Modelling high resolution RS data with the aid of coarse resolution data and ancillary data

Abstract

In environmental applications, the data have a large variety of resolutions carrying information at different scales. Various approaches have been used to include in models information from sources at different scales combining multi-resolution products in order to integrate the spatio-temporal variability of sub-pixel pattern. A methodology is proposed for the integration of the results obtained with a geostatistical downscaling algorithm, based on block-to-point-kriging, in a General Additive Models interpolation framework to enhance the spatio-temporal resolution of remote sensing data.
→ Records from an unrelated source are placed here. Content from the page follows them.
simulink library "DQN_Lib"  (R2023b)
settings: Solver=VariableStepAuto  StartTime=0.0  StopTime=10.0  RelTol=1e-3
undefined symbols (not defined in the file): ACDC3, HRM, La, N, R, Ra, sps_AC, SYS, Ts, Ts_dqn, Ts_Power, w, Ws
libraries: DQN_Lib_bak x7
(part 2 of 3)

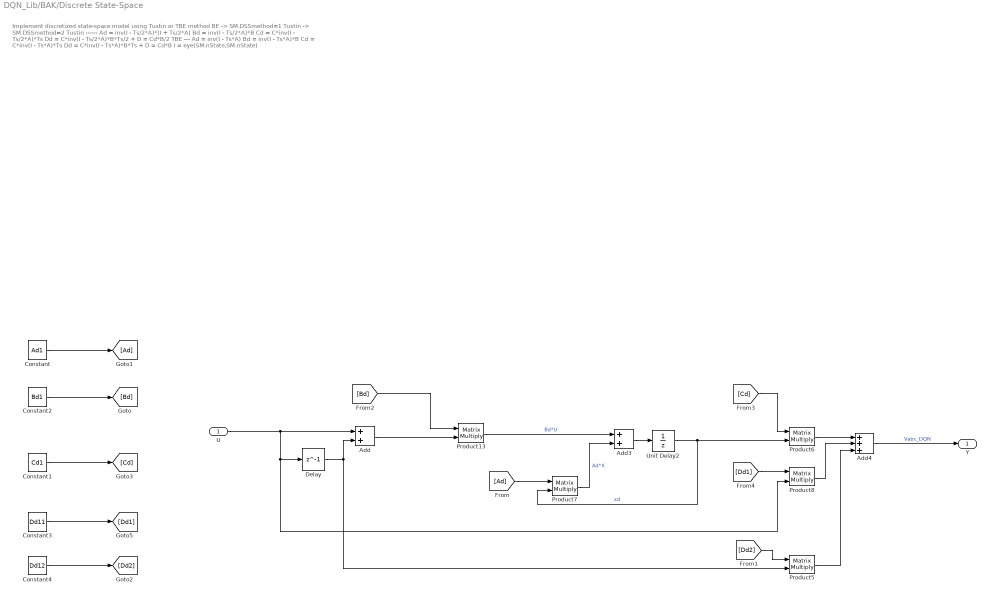
== system DQN_Lib/BAK/Discrete State-Space ==
  note: Implement discretized state-space model using Tustin or TBE method
      |
      | BE      -> SM.DSSmethod=1
      | Tustin  -> SM.DSSmethod=2
      |
      |
      | Tustin
      | ------
      | Ad = inv(I - Ts/2*A)*(I + Ts/2*A)
      | Bd = inv(I - Ts/2*A)*B
      | Cd = C*inv(I - Ts/2*A)*Ts
      | Dd = C*inv(I - Ts/2*A)*B*Ts/2  + D  =  Cd*B/2
      |
      | TBE
      | ---
      | Ad = inv(I - Ts*A)
      | Bd = inv(I - Ts*A)*B
      | Cd = C*inv(I - Ts*A)*Ts
      | Dd = C*inv(I - Ts*A)*B*Ts  + D  =  Cd*B
      |
      | I = eye(SM.nState,SM.nState)
  U : Inport
  Add : Sum
  Add3 : Sum
  Add4 : Sum  Inputs=+++
  Constant : Constant  Value=Ad1
  Constant1 : Constant  Value=Cd1
  Constant2 : Constant  Value=Bd1
  Constant3 : Constant  Value=Dd11
  Constant4 : Constant  Value=Dd12
  Delay : Delay  DelayLength=1  SampleTime=dt
  Product{5..8,13} (5 alike) : Product  Multiplication=Matrix(*)  SaturateOnIntegerOverflow=on  OutDataTypeStr=Inherit: Same as first input
  Unit Delay2 : UnitDelay  InitialCondition=InitVec  SampleTime=dt  HasFrameUpgradeWarning=on
  Y : Outport
  wires:
  Add3/1 -> Unit Delay2/1
  Delay/1 -> Add/2, Product5/2
  [Cd] -> Product6/1
  Unit Delay2/1 -> Product6/2, Product7/2  "xd"
  Product6/1 -> Add4/1
  Add/1 -> Product13/2
  Product7/1 -> Add3/2  "Ad*X"
  Product13/1 -> Add3/1  "Bd*U"
  [Bd] -> Product13/1
  U/1 -> Delay/1, Product8/2, Add/1
  [Dd1] -> Product8/1
  [Ad] -> Product7/1
  Product8/1 -> Add4/2
  Product5/1 -> Add4/3
  [Dd2] -> Product5/1
  Add4/1 -> Y/1  "Vabc_DQN"
  Constant/1 -> [Ad]
  Constant2/1 -> [Bd]
  Constant1/1 -> [Cd]
  Constant3/1 -> [Dd1]
  Constant4/1 -> [Dd2]

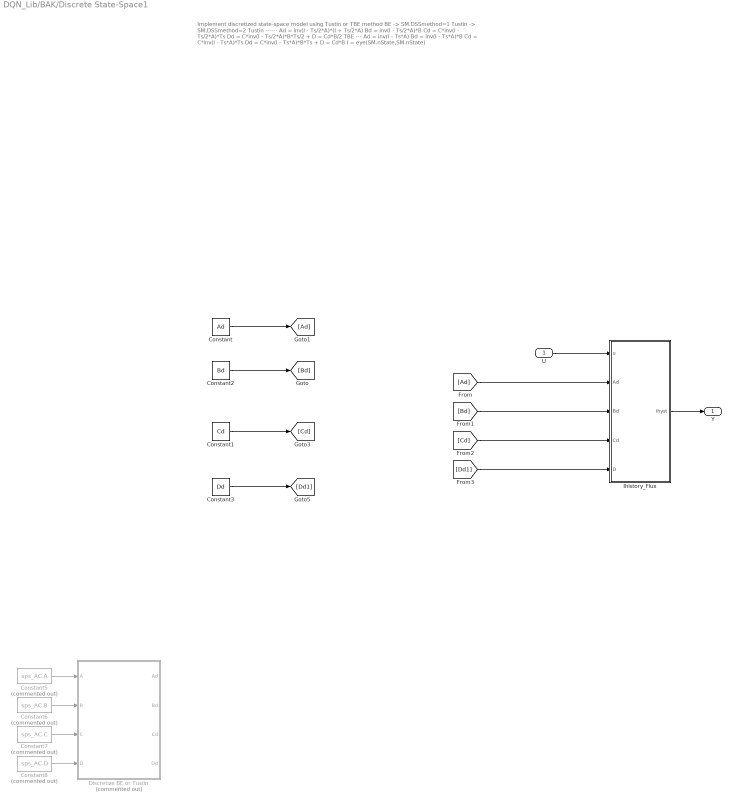
== system DQN_Lib/BAK/Discrete State-Space1 ==
  note: Implement discretized state-space model using Tustin or TBE method
      |
      | BE      -> SM.DSSmethod=1
      | Tustin  -> SM.DSSmethod=2
      |
      |
      | Tustin
      | ------
      | Ad = inv(I - Ts/2*A)*(I + Ts/2*A)
      | Bd = inv(I - Ts/2*A)*B
      | Cd = C*inv(I - Ts/2*A)*Ts
      | Dd = C*inv(I - Ts/2*A)*B*Ts/2  + D  =  Cd*B/2
      |
      | TBE
      | ---
      | Ad = inv(I - Ts*A)
      | Bd = inv(I - Ts*A)*B
      | Cd = C*inv(I - Ts*A)*Ts
      | Dd = C*inv(I - Ts*A)*B*Ts  + D  =  Cd*B
      |
      | I = eye(SM.nState,SM.nState)
  U : Inport
  Constant : Constant  Value=Ad
  Constant1 : Constant  Value=Cd
  Constant2 : Constant  Value=Bd
  Constant3 : Constant  Value=Dd
  Constant5 : Constant  Commented=on  Value=sps_AC.A
  Constant6 : Constant  Commented=on  Value=sps_AC.B
  Constant7 : Constant  Commented=on  Value=sps_AC.C
  Constant8 : Constant  Commented=on  Value=sps_AC.D
  Discretize BE or Tustin : Subsystem  Commented=on  AncestorBlock="DQN_Machines/DQN_Mac_V1/Discretize  BE or Tustin"
  Ihistory_Flux : Subsystem  AncestorBlock=DQN_Machines/DQN_Mac_V1/Ihistory_Flux
  Y : Outport
  wires:
  Constant/1 -> [Ad]
  Constant2/1 -> [Bd]
  Constant1/1 -> [Cd]
  Constant3/1 -> [Dd1]
  Constant7/1 -> Discretize BE or Tustin/3(C)
  Constant6/1 -> Discretize BE or Tustin/2(B)
  Constant8/1 -> Discretize BE or Tustin/4(D)
  Constant5/1 -> Discretize BE or Tustin/1(A)
  U/1 -> Ihistory_Flux/1(u)
  Ihistory_Flux/1(Ihyst) -> Y/1
  [Ad] -> Ihistory_Flux/2(Ad)
  [Bd] -> Ihistory_Flux/3(Bd)
  [Cd] -> Ihistory_Flux/4(Cd)
  [Dd1] -> Ihistory_Flux/5(D)

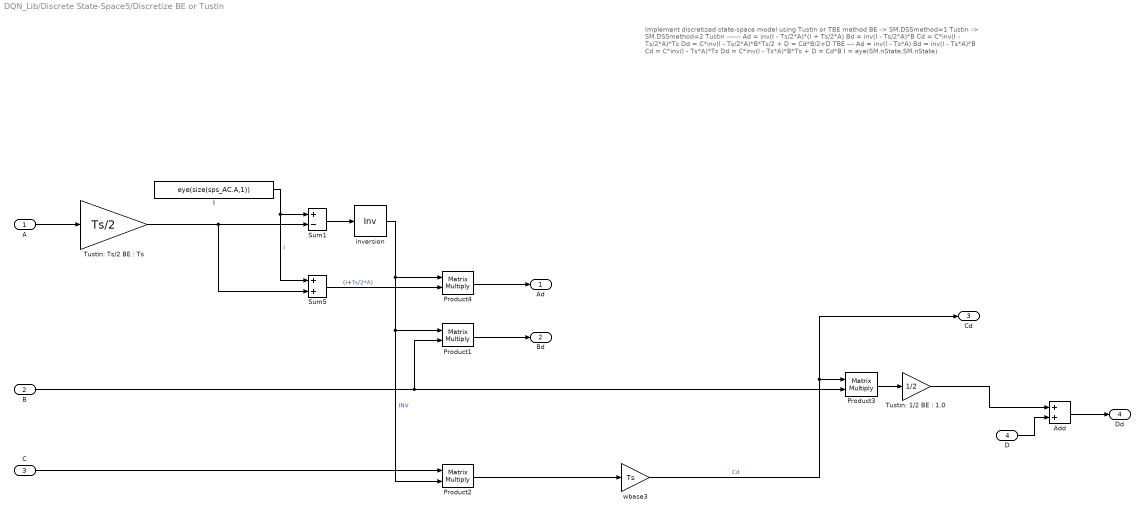
== system DQN_Lib/Discrete State-Space5/Discretize BE or Tustin ==
  note: Implement discretized state-space model using Tustin or TBE method
      |
      | BE      -> SM.DSSmethod=1
      | Tustin  -> SM.DSSmethod=2
      |
      |
      | Tustin
      | ------
      | Ad = inv(I - Ts/2*A)*(I + Ts/2*A)
      | Bd = inv(I - Ts/2*A)*B
      | Cd = C*inv(I - Ts/2*A)*Ts
      | Dd = C*inv(I - Ts/2*A)*B*Ts/2  + D  =  Cd*B/2+D
      |
      | TBE
      | ---
      | Ad = inv(I - Ts*A)
      | Bd = inv(I - Ts*A)*B
      | Cd = C*inv(I - Ts*A)*Ts
      | Dd = C*inv(I - Ts*A)*B*Ts  + D  =  Cd*B
      |
      | I = eye(SM.nState,SM.nState)
  A : Inport
  B : Inport  Port=2
  C : Inport  Port=3
  D : Inport  Port=4
  Add : Sum
  I : Constant  Value=eye(size(sps_AC.A,1))
  Product{1..4} (4 alike) : Product  Multiplication=Matrix(*)  SaturateOnIntegerOverflow=on  OutDataTypeStr=Inherit: Same as first input
  Sum1 : Sum  Inputs=+-  SaturateOnIntegerOverflow=on
  Sum5 : Sum  SaturateOnIntegerOverflow=on
  "Tustin: 1/2 BE : 1.0" : Gain  Gain=1/2  SaturateOnIntegerOverflow=on  OutDataTypeStr=Inherit: Same as input  ParamDataTypeStr=Inherit: Same as input
  "Tustin: Ts/2 BE : Ts" : Gain  Gain=Ts/2  SaturateOnIntegerOverflow=on  OutDataTypeStr=Inherit: Same as input  ParamDataTypeStr=Inherit: Same as input
  inversion : Product  Inputs=/  Multiplication=Matrix(*)  RndMeth=Zero
  wbase3 : Gain  Gain=Ts  SaturateOnIntegerOverflow=on  OutDataTypeStr=Inherit: Same as input  ParamDataTypeStr=Inherit: Same as input
  Ad : Outport  VectorParamsAs1DForOutWhenUnconnected=off
  Bd : Outport  Port=2  VectorParamsAs1DForOutWhenUnconnected=off
  Cd : Outport  Port=3  VectorParamsAs1DForOutWhenUnconnected=off
  Dd : Outport  Port=4  VectorParamsAs1DForOutWhenUnconnected=off
  wires:
  D/1 -> Add/2
  Add/1 -> Dd/1
  "Tustin: Ts/2 BE : Ts"/1 -> Sum1/2, Sum5/2
  Product4/1 -> Ad/1
  A/1 -> "Tustin: Ts/2 BE : Ts"/1
  I/1 -> Sum5/1, Sum1/1  "I"
  Sum1/1 -> inversion/1
  inversion/1 -> Product2/2, Product1/1, Product4/1  "INV"
  Sum5/1 -> Product4/2  "(I+Ts/2*A)"
  Product1/1 -> Bd/1
  B/1 -> Product1/2, Product3/2
  C/1 -> Product2/1
  Product3/1 -> "Tustin: 1/2 BE : 1.0"/1
  "Tustin: 1/2 BE : 1.0"/1 -> Add/1
  Product2/1 -> wbase3/1
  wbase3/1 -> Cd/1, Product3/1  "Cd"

This allows a good reproduction of the overall spatial pattern of the target images and of their local values. The developed framework was tested using MODIS land surface temperature (LST) with the thermal band of Landsat in a situation of high contamination of clouds for the high resolution dataset. The method proved to be flexible and able to blend data from different sensors maintaining the finer spatial structure of the higher resolution data. The method combines strengths from different approaches: (1) it uses of information held in covariates to provide more accurate results; (2) it is applicable to a variety of remote sensing products as the method does not rely on predetermined functional relationships; (3) it can cope with cloud-rich high resolution images as only a subset of high resolution pixels is needed. This approach is general and can be used with numerous combinations of high and low resolution images, such as MODIS-derived variables, using related band ratios from Landsat or other higher resolution sensors. This approach is a valuable addition to space–time measuring and modelling of ecosystems functions from remote sensing.